# [WHAT NEEDS TO BE DONE]
Exclude the images, then return every line below exactly as written.

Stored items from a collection
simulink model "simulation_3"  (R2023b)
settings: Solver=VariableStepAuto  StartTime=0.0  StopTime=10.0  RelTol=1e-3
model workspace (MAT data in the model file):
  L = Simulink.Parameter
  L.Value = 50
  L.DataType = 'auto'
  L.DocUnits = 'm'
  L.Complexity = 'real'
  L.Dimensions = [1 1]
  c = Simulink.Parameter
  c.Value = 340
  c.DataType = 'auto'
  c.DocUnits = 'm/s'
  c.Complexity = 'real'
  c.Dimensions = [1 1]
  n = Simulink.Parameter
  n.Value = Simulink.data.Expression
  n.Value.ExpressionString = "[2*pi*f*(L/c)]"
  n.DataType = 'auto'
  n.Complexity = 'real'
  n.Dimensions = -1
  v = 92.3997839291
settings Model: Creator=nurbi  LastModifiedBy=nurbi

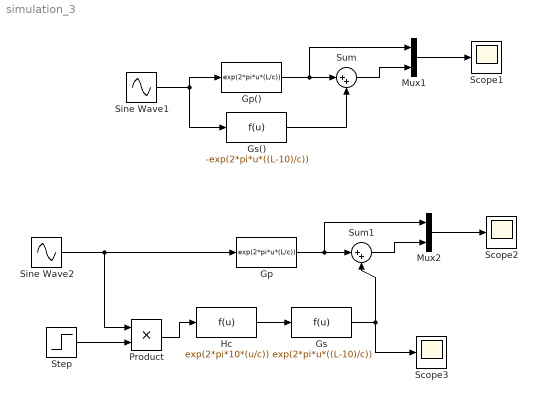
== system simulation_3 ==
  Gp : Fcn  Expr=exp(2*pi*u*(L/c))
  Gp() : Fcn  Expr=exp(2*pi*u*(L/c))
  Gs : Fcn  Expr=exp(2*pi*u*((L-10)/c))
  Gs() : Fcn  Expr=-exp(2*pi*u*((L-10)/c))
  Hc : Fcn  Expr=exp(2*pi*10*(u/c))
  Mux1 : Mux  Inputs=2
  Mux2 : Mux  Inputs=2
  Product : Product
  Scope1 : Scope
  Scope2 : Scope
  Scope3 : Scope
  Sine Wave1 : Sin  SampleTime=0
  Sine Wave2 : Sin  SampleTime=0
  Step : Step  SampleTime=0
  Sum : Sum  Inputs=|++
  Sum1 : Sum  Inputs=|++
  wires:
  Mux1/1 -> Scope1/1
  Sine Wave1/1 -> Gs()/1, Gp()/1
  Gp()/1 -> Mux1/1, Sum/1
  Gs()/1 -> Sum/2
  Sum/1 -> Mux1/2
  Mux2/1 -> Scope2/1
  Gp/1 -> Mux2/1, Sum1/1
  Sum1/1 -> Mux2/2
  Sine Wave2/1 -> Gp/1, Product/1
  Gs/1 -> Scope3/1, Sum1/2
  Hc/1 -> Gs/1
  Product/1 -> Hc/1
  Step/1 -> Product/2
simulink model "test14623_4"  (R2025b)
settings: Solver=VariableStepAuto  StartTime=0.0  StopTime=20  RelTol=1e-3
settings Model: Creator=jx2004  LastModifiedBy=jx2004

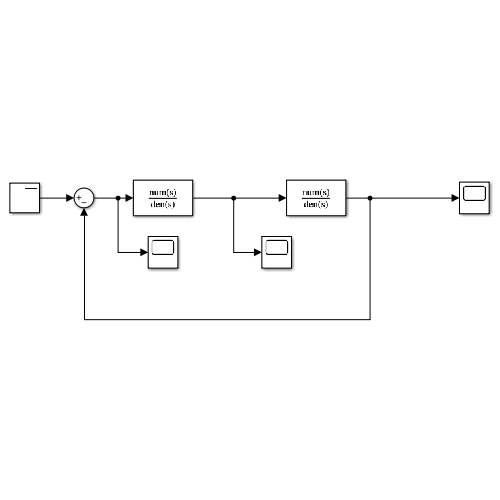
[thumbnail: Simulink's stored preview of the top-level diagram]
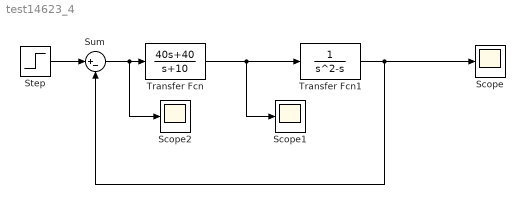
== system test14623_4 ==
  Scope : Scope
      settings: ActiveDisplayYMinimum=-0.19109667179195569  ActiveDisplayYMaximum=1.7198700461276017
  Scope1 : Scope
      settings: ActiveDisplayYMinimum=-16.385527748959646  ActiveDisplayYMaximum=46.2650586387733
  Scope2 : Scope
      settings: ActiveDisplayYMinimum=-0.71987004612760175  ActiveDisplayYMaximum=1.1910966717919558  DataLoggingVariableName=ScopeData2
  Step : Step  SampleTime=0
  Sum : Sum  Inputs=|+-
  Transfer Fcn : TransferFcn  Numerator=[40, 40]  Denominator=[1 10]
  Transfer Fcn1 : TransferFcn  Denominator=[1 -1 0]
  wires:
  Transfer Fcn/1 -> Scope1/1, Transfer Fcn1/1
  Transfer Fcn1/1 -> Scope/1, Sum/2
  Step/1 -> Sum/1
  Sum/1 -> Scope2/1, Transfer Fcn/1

# [THE COMPLETED TASK]
simulink model "simulation_3"  (R2023b)
settings: Solver=VariableStepAuto  StartTime=0.0  StopTime=10.0  RelTol=1e-3
model workspace (MAT data in the model file):
  L = Simulink.Parameter
  L.Value = 50
  L.DataType = 'auto'
  L.DocUnits = 'm'
  L.Complexity = 'real'
  L.Dimensions = [1 1]
  c = Simulink.Parameter
  c.Value = 340
  c.DataType = 'auto'
  c.DocUnits = 'm/s'
  c.Complexity = 'real'
  c.Dimensions = [1 1]
  n = Simulink.Parameter
  n.Value = Simulink.data.Expression
  n.Value.ExpressionString = "[2*pi*f*(L/c)]"
  n.DataType = 'auto'
  n.Complexity = 'real'
  n.Dimensions = -1
  v = 92.3997839291
settings Model: Creator=nurbi  LastModifiedBy=nurbi

== system simulation_3 ==
  Gp : Fcn  Expr=exp(2*pi*u*(L/c))
  Gp() : Fcn  Expr=exp(2*pi*u*(L/c))
  Gs : Fcn  Expr=exp(2*pi*u*((L-10)/c))
  Gs() : Fcn  Expr=-exp(2*pi*u*((L-10)/c))
  Hc : Fcn  Expr=exp(2*pi*10*(u/c))
  Mux1 : Mux  Inputs=2
  Mux2 : Mux  Inputs=2
  Product : Product
  Scope1 : Scope
  Scope2 : Scope
  Scope3 : Scope
  Sine Wave1 : Sin  SampleTime=0
  Sine Wave2 : Sin  SampleTime=0
  Step : Step  SampleTime=0
  Sum : Sum  Inputs=|++
  Sum1 : Sum  Inputs=|++
  wires:
  Mux1/1 -> Scope1/1
  Sine Wave1/1 -> Gs()/1, Gp()/1
  Gp()/1 -> Mux1/1, Sum/1
  Gs()/1 -> Sum/2
  Sum/1 -> Mux1/2
  Mux2/1 -> Scope2/1
  Gp/1 -> Mux2/1, Sum1/1
  Sum1/1 -> Mux2/2
  Sine Wave2/1 -> Gp/1, Product/1
  Gs/1 -> Scope3/1, Sum1/2
  Hc/1 -> Gs/1
  Product/1 -> Hc/1
  Step/1 -> Product/2
simulink model "test14623_4"  (R2025b)
settings: Solver=VariableStepAuto  StartTime=0.0  StopTime=20  RelTol=1e-3
settings Model: Creator=jx2004  LastModifiedBy=jx2004

[thumbnail: Simulink's stored preview of the top-level diagram]
== system test14623_4 ==
  Scope : Scope
      settings: ActiveDisplayYMinimum=-0.19109667179195569  ActiveDisplayYMaximum=1.7198700461276017
  Scope1 : Scope
      settings: ActiveDisplayYMinimum=-16.385527748959646  ActiveDisplayYMaximum=46.2650586387733
  Scope2 : Scope
      settings: ActiveDisplayYMinimum=-0.71987004612760175  ActiveDisplayYMaximum=1.1910966717919558  DataLoggingVariableName=ScopeData2
  Step : Step  SampleTime=0
  Sum : Sum  Inputs=|+-
  Transfer Fcn : TransferFcn  Numerator=[40, 40]  Denominator=[1 10]
  Transfer Fcn1 : TransferFcn  Denominator=[1 -1 0]
  wires:
  Transfer Fcn/1 -> Scope1/1, Transfer Fcn1/1
  Transfer Fcn1/1 -> Scope/1, Sum/2
  Step/1 -> Sum/1
  Sum/1 -> Scope2/1, Transfer Fcn/1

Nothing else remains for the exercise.